*Problem description*. Please repeat the records below exactly, but only from the line that contains "#86=ORIENTED_EDGE('',*,*,#40,.T.);" onward, ending with the last line.
*** The data ***
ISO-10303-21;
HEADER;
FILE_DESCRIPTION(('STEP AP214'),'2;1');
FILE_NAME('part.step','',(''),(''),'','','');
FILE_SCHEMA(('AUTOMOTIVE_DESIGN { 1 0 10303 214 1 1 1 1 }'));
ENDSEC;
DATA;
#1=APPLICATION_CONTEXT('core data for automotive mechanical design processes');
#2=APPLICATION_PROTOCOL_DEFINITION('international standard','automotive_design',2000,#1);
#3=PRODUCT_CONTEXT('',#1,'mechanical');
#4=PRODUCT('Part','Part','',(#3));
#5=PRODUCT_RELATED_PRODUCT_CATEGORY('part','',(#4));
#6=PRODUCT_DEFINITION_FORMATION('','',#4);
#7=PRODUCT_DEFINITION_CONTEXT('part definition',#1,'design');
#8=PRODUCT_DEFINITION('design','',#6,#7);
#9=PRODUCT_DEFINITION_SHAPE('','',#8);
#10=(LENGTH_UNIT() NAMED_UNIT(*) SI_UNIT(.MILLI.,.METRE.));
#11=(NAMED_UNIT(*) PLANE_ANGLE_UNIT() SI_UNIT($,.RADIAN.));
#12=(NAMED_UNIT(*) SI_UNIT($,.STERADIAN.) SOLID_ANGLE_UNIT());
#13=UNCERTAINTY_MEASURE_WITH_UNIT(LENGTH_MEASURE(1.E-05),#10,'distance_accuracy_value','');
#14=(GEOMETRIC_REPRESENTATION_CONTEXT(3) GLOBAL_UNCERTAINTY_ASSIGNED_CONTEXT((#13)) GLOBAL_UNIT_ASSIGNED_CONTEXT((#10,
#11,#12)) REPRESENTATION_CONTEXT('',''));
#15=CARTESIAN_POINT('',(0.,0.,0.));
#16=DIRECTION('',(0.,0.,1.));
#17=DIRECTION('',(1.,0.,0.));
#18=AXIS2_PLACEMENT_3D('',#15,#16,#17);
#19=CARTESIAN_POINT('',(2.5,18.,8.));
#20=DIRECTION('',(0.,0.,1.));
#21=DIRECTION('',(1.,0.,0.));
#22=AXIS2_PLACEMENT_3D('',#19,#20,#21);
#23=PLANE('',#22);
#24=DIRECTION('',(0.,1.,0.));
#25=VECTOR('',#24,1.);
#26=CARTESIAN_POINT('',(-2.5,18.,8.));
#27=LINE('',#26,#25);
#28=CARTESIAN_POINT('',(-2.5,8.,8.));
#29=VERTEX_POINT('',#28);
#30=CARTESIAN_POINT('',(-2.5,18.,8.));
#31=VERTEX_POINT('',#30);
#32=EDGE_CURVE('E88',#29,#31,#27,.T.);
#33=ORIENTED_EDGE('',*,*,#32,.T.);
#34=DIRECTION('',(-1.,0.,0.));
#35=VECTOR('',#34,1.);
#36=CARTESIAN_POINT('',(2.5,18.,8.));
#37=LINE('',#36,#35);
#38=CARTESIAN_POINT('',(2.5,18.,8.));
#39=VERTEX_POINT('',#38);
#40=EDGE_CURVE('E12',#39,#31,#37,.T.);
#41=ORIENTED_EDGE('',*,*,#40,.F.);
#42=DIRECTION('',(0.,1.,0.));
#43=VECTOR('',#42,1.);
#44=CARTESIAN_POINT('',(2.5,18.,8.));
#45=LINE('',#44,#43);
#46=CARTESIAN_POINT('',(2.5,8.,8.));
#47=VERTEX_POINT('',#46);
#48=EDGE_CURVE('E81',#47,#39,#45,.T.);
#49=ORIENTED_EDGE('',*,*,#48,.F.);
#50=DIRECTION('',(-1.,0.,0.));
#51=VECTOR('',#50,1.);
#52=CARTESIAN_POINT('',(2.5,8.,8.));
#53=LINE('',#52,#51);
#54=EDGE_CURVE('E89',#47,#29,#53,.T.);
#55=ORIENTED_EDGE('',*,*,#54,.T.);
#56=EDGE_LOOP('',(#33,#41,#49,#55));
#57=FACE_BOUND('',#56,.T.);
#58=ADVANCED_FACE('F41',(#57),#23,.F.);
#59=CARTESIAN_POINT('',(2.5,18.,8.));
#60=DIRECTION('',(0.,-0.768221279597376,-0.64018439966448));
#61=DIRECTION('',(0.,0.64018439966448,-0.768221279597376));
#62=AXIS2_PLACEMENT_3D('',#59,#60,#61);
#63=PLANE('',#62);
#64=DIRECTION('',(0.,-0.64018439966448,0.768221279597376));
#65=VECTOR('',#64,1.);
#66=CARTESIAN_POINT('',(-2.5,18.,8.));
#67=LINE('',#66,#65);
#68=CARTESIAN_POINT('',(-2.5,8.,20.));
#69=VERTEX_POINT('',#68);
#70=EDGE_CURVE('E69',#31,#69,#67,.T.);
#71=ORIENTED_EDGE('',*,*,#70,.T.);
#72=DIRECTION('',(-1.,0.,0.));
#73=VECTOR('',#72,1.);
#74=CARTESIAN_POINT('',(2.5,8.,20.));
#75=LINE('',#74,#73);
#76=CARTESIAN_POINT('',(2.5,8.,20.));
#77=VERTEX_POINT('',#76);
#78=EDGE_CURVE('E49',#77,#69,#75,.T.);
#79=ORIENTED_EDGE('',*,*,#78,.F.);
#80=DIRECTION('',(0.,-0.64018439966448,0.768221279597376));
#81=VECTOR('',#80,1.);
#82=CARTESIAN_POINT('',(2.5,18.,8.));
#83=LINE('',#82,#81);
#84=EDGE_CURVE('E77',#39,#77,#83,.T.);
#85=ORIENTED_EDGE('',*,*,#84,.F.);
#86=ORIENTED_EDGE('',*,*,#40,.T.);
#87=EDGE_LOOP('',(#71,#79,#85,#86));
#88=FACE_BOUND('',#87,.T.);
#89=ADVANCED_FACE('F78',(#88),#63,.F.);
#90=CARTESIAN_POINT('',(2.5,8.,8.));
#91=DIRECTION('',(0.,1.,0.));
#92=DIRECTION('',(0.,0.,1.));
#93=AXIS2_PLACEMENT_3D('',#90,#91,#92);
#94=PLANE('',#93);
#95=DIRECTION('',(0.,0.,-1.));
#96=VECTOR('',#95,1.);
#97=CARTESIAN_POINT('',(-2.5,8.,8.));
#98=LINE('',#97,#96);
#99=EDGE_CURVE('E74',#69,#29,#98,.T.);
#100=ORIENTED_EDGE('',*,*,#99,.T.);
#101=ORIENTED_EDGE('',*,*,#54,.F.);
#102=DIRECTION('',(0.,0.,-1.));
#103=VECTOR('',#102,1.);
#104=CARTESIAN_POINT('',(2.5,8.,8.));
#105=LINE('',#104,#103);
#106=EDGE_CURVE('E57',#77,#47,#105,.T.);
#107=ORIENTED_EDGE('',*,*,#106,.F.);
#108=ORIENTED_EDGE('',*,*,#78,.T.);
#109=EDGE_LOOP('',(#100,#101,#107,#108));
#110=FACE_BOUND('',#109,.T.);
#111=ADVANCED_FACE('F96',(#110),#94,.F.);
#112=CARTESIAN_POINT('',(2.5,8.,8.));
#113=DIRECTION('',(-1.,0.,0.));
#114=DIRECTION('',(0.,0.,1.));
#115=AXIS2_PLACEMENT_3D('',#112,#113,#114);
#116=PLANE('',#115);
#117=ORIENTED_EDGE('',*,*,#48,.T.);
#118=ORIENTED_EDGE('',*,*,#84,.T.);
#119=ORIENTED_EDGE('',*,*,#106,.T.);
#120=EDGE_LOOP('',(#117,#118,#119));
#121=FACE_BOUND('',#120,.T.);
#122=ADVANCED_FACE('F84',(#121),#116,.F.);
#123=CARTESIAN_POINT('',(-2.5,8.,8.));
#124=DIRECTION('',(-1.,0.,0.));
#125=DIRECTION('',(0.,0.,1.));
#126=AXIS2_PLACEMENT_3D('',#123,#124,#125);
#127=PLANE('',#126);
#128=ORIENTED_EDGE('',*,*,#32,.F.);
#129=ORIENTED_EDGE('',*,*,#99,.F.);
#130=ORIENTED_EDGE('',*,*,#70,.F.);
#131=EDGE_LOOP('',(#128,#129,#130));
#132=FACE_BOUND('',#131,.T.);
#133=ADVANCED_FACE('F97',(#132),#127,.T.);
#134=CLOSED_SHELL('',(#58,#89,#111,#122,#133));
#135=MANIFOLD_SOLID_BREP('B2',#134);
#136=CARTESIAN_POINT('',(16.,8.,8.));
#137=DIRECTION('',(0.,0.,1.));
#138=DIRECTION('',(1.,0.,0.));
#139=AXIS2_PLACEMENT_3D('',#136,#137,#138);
*** End of The data ***
*Your solution*.
#86=ORIENTED_EDGE('',*,*,#40,.T.);
#87=EDGE_LOOP('',(#71,#79,#85,#86));
#88=FACE_BOUND('',#87,.T.);
#89=ADVANCED_FACE('F78',(#88),#63,.F.);
#90=CARTESIAN_POINT('',(2.5,8.,8.));
#91=DIRECTION('',(0.,1.,0.));
#92=DIRECTION('',(0.,0.,1.));
#93=AXIS2_PLACEMENT_3D('',#90,#91,#92);
#94=PLANE('',#93);
#95=DIRECTION('',(0.,0.,-1.));
#96=VECTOR('',#95,1.);
#97=CARTESIAN_POINT('',(-2.5,8.,8.));
#98=LINE('',#97,#96);
#99=EDGE_CURVE('E74',#69,#29,#98,.T.);
#100=ORIENTED_EDGE('',*,*,#99,.T.);
#101=ORIENTED_EDGE('',*,*,#54,.F.);
#102=DIRECTION('',(0.,0.,-1.));
#103=VECTOR('',#102,1.);
#104=CARTESIAN_POINT('',(2.5,8.,8.));
#105=LINE('',#104,#103);
#106=EDGE_CURVE('E57',#77,#47,#105,.T.);
#107=ORIENTED_EDGE('',*,*,#106,.F.);
#108=ORIENTED_EDGE('',*,*,#78,.T.);
#109=EDGE_LOOP('',(#100,#101,#107,#108));
#110=FACE_BOUND('',#109,.T.);
#111=ADVANCED_FACE('F96',(#110),#94,.F.);
#112=CARTESIAN_POINT('',(2.5,8.,8.));
#113=DIRECTION('',(-1.,0.,0.));
#114=DIRECTION('',(0.,0.,1.));
#115=AXIS2_PLACEMENT_3D('',#112,#113,#114);
#116=PLANE('',#115);
#117=ORIENTED_EDGE('',*,*,#48,.T.);
#118=ORIENTED_EDGE('',*,*,#84,.T.);
#119=ORIENTED_EDGE('',*,*,#106,.T.);
#120=EDGE_LOOP('',(#117,#118,#119));
#121=FACE_BOUND('',#120,.T.);
#122=ADVANCED_FACE('F84',(#121),#116,.F.);
#123=CARTESIAN_POINT('',(-2.5,8.,8.));
#124=DIRECTION('',(-1.,0.,0.));
#125=DIRECTION('',(0.,0.,1.));
#126=AXIS2_PLACEMENT_3D('',#123,#124,#125);
#127=PLANE('',#126);
#128=ORIENTED_EDGE('',*,*,#32,.F.);
#129=ORIENTED_EDGE('',*,*,#99,.F.);
#130=ORIENTED_EDGE('',*,*,#70,.F.);
#131=EDGE_LOOP('',(#128,#129,#130));
#132=FACE_BOUND('',#131,.T.);
#133=ADVANCED_FACE('F97',(#132),#127,.T.);
#134=CLOSED_SHELL('',(#58,#89,#111,#122,#133));
#135=MANIFOLD_SOLID_BREP('B2',#134);
#136=CARTESIAN_POINT('',(16.,8.,8.));
#137=DIRECTION('',(0.,0.,1.));
#138=DIRECTION('',(1.,0.,0.));
#139=AXIS2_PLACEMENT_3D('',#136,#137,#138);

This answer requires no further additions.